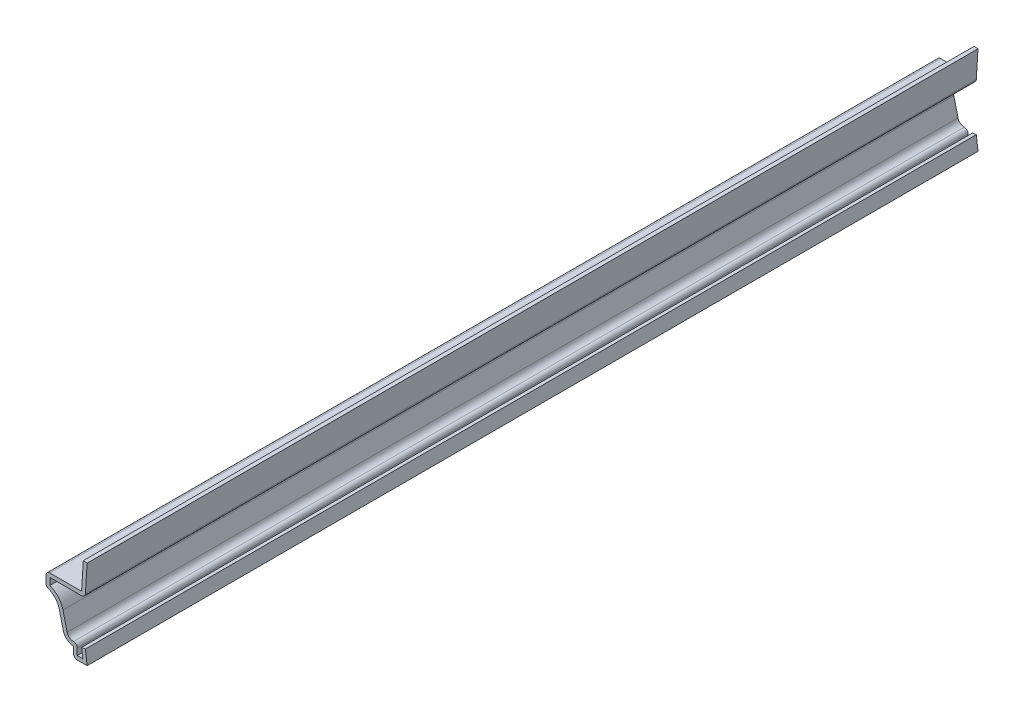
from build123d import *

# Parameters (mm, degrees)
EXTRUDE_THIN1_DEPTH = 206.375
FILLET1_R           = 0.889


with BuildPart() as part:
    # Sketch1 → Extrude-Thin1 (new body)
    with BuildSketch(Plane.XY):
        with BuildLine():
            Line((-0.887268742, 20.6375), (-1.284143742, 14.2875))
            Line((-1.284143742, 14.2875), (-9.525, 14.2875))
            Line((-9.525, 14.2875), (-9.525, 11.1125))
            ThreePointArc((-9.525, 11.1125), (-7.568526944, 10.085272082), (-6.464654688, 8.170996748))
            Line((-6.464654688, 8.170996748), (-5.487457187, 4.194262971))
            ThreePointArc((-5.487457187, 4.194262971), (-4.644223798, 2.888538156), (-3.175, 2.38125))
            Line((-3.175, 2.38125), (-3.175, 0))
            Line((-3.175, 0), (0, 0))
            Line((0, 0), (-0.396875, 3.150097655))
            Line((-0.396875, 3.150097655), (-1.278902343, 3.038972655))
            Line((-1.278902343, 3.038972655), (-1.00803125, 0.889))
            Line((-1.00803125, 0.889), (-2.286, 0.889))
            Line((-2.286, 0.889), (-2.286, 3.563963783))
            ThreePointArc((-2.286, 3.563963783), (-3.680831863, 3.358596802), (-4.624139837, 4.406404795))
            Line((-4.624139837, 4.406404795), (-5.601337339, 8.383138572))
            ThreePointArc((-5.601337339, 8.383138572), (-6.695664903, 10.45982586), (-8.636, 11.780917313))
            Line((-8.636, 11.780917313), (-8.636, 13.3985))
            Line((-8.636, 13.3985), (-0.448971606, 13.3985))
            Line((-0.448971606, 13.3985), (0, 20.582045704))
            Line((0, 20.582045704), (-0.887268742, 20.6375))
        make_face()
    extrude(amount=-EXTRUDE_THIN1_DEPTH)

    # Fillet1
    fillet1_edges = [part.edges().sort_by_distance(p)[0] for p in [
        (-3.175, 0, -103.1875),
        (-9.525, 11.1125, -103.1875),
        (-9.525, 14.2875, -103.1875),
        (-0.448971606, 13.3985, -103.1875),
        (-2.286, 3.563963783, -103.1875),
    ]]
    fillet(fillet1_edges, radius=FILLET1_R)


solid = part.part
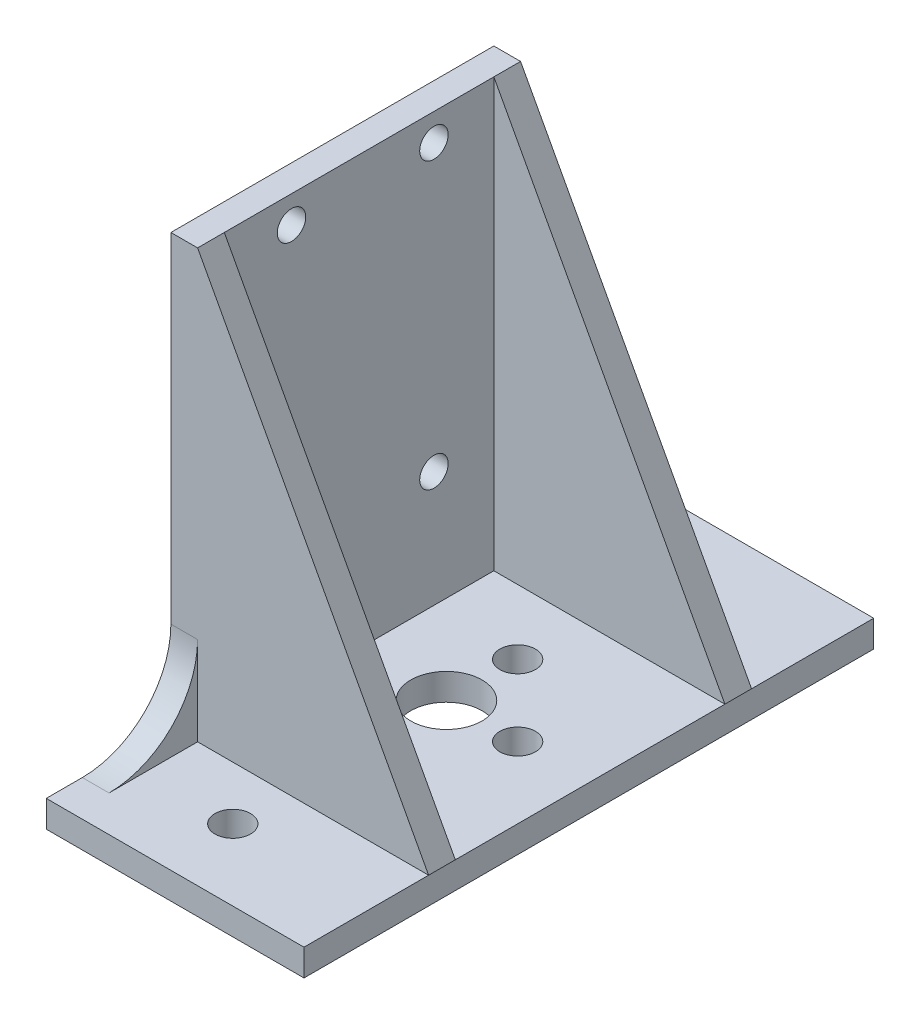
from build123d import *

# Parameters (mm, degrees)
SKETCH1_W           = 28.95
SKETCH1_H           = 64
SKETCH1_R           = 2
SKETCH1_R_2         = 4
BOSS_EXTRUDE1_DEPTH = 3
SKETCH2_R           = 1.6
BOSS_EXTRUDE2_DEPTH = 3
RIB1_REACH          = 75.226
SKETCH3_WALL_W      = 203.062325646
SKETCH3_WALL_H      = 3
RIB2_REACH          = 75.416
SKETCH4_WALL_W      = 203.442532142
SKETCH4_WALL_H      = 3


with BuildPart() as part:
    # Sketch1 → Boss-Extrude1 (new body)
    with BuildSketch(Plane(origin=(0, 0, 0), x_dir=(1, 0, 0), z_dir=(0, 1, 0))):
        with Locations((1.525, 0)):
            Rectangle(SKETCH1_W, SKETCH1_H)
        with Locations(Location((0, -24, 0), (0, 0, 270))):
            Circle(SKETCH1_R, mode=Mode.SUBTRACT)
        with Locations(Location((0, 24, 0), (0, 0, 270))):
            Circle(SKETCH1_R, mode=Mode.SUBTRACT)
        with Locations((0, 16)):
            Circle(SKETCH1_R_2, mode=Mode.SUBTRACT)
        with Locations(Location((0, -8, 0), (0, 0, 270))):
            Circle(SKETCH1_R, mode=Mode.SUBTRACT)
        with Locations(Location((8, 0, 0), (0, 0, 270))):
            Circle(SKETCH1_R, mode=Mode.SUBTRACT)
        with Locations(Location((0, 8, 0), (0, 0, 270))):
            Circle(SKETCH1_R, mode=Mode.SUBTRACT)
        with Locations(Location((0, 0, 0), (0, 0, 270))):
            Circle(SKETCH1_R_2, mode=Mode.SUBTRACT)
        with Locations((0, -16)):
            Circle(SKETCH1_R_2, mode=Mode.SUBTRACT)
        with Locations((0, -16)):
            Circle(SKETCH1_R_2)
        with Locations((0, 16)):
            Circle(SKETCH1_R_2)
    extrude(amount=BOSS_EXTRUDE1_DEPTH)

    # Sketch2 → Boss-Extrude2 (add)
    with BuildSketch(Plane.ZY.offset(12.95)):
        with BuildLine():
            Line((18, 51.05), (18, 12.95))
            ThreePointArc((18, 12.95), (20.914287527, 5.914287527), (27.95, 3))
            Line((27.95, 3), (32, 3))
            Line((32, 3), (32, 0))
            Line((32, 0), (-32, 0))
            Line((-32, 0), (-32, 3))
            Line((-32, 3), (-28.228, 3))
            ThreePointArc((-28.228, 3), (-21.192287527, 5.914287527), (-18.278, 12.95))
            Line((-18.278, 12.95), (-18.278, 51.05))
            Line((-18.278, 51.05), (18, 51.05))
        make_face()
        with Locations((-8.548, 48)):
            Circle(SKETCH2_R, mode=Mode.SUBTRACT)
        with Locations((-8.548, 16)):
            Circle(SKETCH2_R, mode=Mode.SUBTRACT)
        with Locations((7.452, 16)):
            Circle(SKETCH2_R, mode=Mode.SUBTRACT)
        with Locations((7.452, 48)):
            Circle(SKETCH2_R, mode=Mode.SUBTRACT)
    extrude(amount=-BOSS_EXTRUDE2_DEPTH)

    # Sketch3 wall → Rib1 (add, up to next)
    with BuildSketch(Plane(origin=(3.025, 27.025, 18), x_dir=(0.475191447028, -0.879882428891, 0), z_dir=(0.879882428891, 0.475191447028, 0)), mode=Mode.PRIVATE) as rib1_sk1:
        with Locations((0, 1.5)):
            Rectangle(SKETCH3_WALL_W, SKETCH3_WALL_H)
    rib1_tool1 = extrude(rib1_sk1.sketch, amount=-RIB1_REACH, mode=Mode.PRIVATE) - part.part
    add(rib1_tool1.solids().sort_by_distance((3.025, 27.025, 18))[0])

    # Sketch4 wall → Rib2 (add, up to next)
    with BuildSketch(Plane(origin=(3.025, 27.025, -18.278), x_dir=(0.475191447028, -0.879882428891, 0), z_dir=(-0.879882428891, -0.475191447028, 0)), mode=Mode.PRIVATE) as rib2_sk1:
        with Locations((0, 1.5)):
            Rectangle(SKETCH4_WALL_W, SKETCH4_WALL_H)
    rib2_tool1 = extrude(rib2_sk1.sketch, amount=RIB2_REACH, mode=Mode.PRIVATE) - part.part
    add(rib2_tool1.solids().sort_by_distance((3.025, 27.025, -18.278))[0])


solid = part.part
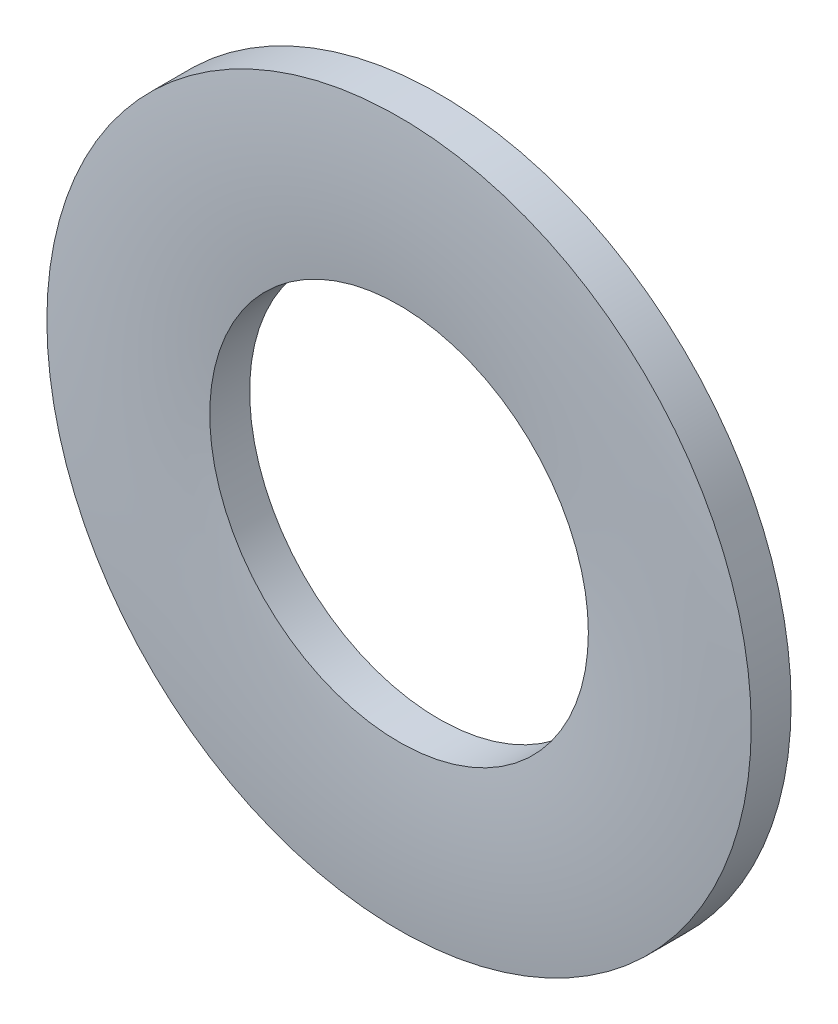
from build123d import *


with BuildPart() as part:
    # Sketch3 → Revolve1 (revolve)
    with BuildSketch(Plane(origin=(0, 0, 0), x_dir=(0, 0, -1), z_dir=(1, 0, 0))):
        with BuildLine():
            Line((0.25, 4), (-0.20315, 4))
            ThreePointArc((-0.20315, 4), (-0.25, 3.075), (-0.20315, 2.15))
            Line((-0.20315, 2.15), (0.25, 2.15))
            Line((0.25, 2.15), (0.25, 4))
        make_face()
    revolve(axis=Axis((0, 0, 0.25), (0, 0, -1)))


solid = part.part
● ● ● ●
-- What the exercise asks --
Since the copy must hold no pictures, repeat everything else in the records exactly as written.

-- Output of the exercise --
from build123d import *

# Parameters (mm, degrees)
EXTRUDE_THIN1_DEPTH = 206.375
FILLET1_R           = 0.889


with BuildPart() as part:
    # Sketch1 → Extrude-Thin1 (new body)
    with BuildSketch(Plane.XY):
        with BuildLine():
            Line((-0.887268742, 20.6375), (-1.284143742, 14.2875))
            Line((-1.284143742, 14.2875), (-9.525, 14.2875))
            Line((-9.525, 14.2875), (-9.525, 11.1125))
            ThreePointArc((-9.525, 11.1125), (-7.568526944, 10.085272082), (-6.464654688, 8.170996748))
            Line((-6.464654688, 8.170996748), (-5.487457187, 4.194262971))
            ThreePointArc((-5.487457187, 4.194262971), (-4.644223798, 2.888538156), (-3.175, 2.38125))
            Line((-3.175, 2.38125), (-3.175, 0))
            Line((-3.175, 0), (0, 0))
            Line((0, 0), (-0.396875, 3.150097655))
            Line((-0.396875, 3.150097655), (-1.278902343, 3.038972655))
            Line((-1.278902343, 3.038972655), (-1.00803125, 0.889))
            Line((-1.00803125, 0.889), (-2.286, 0.889))
            Line((-2.286, 0.889), (-2.286, 3.563963783))
            ThreePointArc((-2.286, 3.563963783), (-3.680831863, 3.358596802), (-4.624139837, 4.406404795))
            Line((-4.624139837, 4.406404795), (-5.601337339, 8.383138572))
            ThreePointArc((-5.601337339, 8.383138572), (-6.695664903, 10.45982586), (-8.636, 11.780917313))
            Line((-8.636, 11.780917313), (-8.636, 13.3985))
            Line((-8.636, 13.3985), (-0.448971606, 13.3985))
            Line((-0.448971606, 13.3985), (0, 20.582045704))
            Line((0, 20.582045704), (-0.887268742, 20.6375))
        make_face()
    extrude(amount=-EXTRUDE_THIN1_DEPTH)

    # Fillet1
    fillet1_edges = [part.edges().sort_by_distance(p)[0] for p in [
        (-3.175, 0, -103.1875),
        (-9.525, 11.1125, -103.1875),
        (-9.525, 14.2875, -103.1875),
        (-0.448971606, 13.3985, -103.1875),
        (-2.286, 3.563963783, -103.1875),
    ]]
    fillet(fillet1_edges, radius=FILLET1_R)


solid = part.part
from build123d import *

# Parameters (mm, degrees)
SKETCH1_W           = 28.95
SKETCH1_H           = 64
SKETCH1_R           = 2
SKETCH1_R_2         = 4
BOSS_EXTRUDE1_DEPTH = 3
SKETCH2_R           = 1.6
BOSS_EXTRUDE2_DEPTH = 3
RIB1_REACH          = 75.226
SKETCH3_WALL_W      = 203.062325646
SKETCH3_WALL_H      = 3
RIB2_REACH          = 75.416
SKETCH4_WALL_W      = 203.442532142
SKETCH4_WALL_H      = 3


with BuildPart() as part:
    # Sketch1 → Boss-Extrude1 (new body)
    with BuildSketch(Plane(origin=(0, 0, 0), x_dir=(1, 0, 0), z_dir=(0, 1, 0))):
        with Locations((1.525, 0)):
            Rectangle(SKETCH1_W, SKETCH1_H)
        with Locations(Location((0, -24, 0), (0, 0, 270))):
            Circle(SKETCH1_R, mode=Mode.SUBTRACT)
        with Locations(Location((0, 24, 0), (0, 0, 270))):
            Circle(SKETCH1_R, mode=Mode.SUBTRACT)
        with Locations((0, 16)):
            Circle(SKETCH1_R_2, mode=Mode.SUBTRACT)
        with Locations(Location((0, -8, 0), (0, 0, 270))):
            Circle(SKETCH1_R, mode=Mode.SUBTRACT)
        with Locations(Location((8, 0, 0), (0, 0, 270))):
            Circle(SKETCH1_R, mode=Mode.SUBTRACT)
        with Locations(Location((0, 8, 0), (0, 0, 270))):
            Circle(SKETCH1_R, mode=Mode.SUBTRACT)
        with Locations(Location((0, 0, 0), (0, 0, 270))):
            Circle(SKETCH1_R_2, mode=Mode.SUBTRACT)
        with Locations((0, -16)):
            Circle(SKETCH1_R_2, mode=Mode.SUBTRACT)
        with Locations((0, -16)):
            Circle(SKETCH1_R_2)
        with Locations((0, 16)):
            Circle(SKETCH1_R_2)
    extrude(amount=BOSS_EXTRUDE1_DEPTH)

    # Sketch2 → Boss-Extrude2 (add)
    with BuildSketch(Plane.ZY.offset(12.95)):
        with BuildLine():
            Line((18, 51.05), (18, 12.95))
            ThreePointArc((18, 12.95), (20.914287527, 5.914287527), (27.95, 3))
            Line((27.95, 3), (32, 3))
            Line((32, 3), (32, 0))
            Line((32, 0), (-32, 0))
            Line((-32, 0), (-32, 3))
            Line((-32, 3), (-28.228, 3))
            ThreePointArc((-28.228, 3), (-21.192287527, 5.914287527), (-18.278, 12.95))
            Line((-18.278, 12.95), (-18.278, 51.05))
            Line((-18.278, 51.05), (18, 51.05))
        make_face()
        with Locations((-8.548, 48)):
            Circle(SKETCH2_R, mode=Mode.SUBTRACT)
        with Locations((-8.548, 16)):
            Circle(SKETCH2_R, mode=Mode.SUBTRACT)
        with Locations((7.452, 16)):
            Circle(SKETCH2_R, mode=Mode.SUBTRACT)
        with Locations((7.452, 48)):
            Circle(SKETCH2_R, mode=Mode.SUBTRACT)
    extrude(amount=-BOSS_EXTRUDE2_DEPTH)

    # Sketch3 wall → Rib1 (add, up to next)
    with BuildSketch(Plane(origin=(3.025, 27.025, 18), x_dir=(0.475191447028, -0.879882428891, 0), z_dir=(0.879882428891, 0.475191447028, 0)), mode=Mode.PRIVATE) as rib1_sk1:
        with Locations((0, 1.5)):
            Rectangle(SKETCH3_WALL_W, SKETCH3_WALL_H)
    rib1_tool1 = extrude(rib1_sk1.sketch, amount=-RIB1_REACH, mode=Mode.PRIVATE) - part.part
    add(rib1_tool1.solids().sort_by_distance((3.025, 27.025, 18))[0])

    # Sketch4 wall → Rib2 (add, up to next)
    with BuildSketch(Plane(origin=(3.025, 27.025, -18.278), x_dir=(0.475191447028, -0.879882428891, 0), z_dir=(-0.879882428891, -0.475191447028, 0)), mode=Mode.PRIVATE) as rib2_sk1:
        with Locations((0, 1.5)):
            Rectangle(SKETCH4_WALL_W, SKETCH4_WALL_H)
    rib2_tool1 = extrude(rib2_sk1.sketch, amount=RIB2_REACH, mode=Mode.PRIVATE) - part.part
    add(rib2_tool1.solids().sort_by_distance((3.025, 27.025, -18.278))[0])


solid = part.part
from build123d import *


with BuildPart() as part:
    # Sketch3 → Revolve1 (revolve)
    with BuildSketch(Plane(origin=(0, 0, 0), x_dir=(0, 0, -1), z_dir=(1, 0, 0))):
        with BuildLine():
            Line((0.25, 4), (-0.20315, 4))
            ThreePointArc((-0.20315, 4), (-0.25, 3.075), (-0.20315, 2.15))
            Line((-0.20315, 2.15), (0.25, 2.15))
            Line((0.25, 2.15), (0.25, 4))
        make_face()
    revolve(axis=Axis((0, 0, 0.25), (0, 0, -1)))


solid = part.part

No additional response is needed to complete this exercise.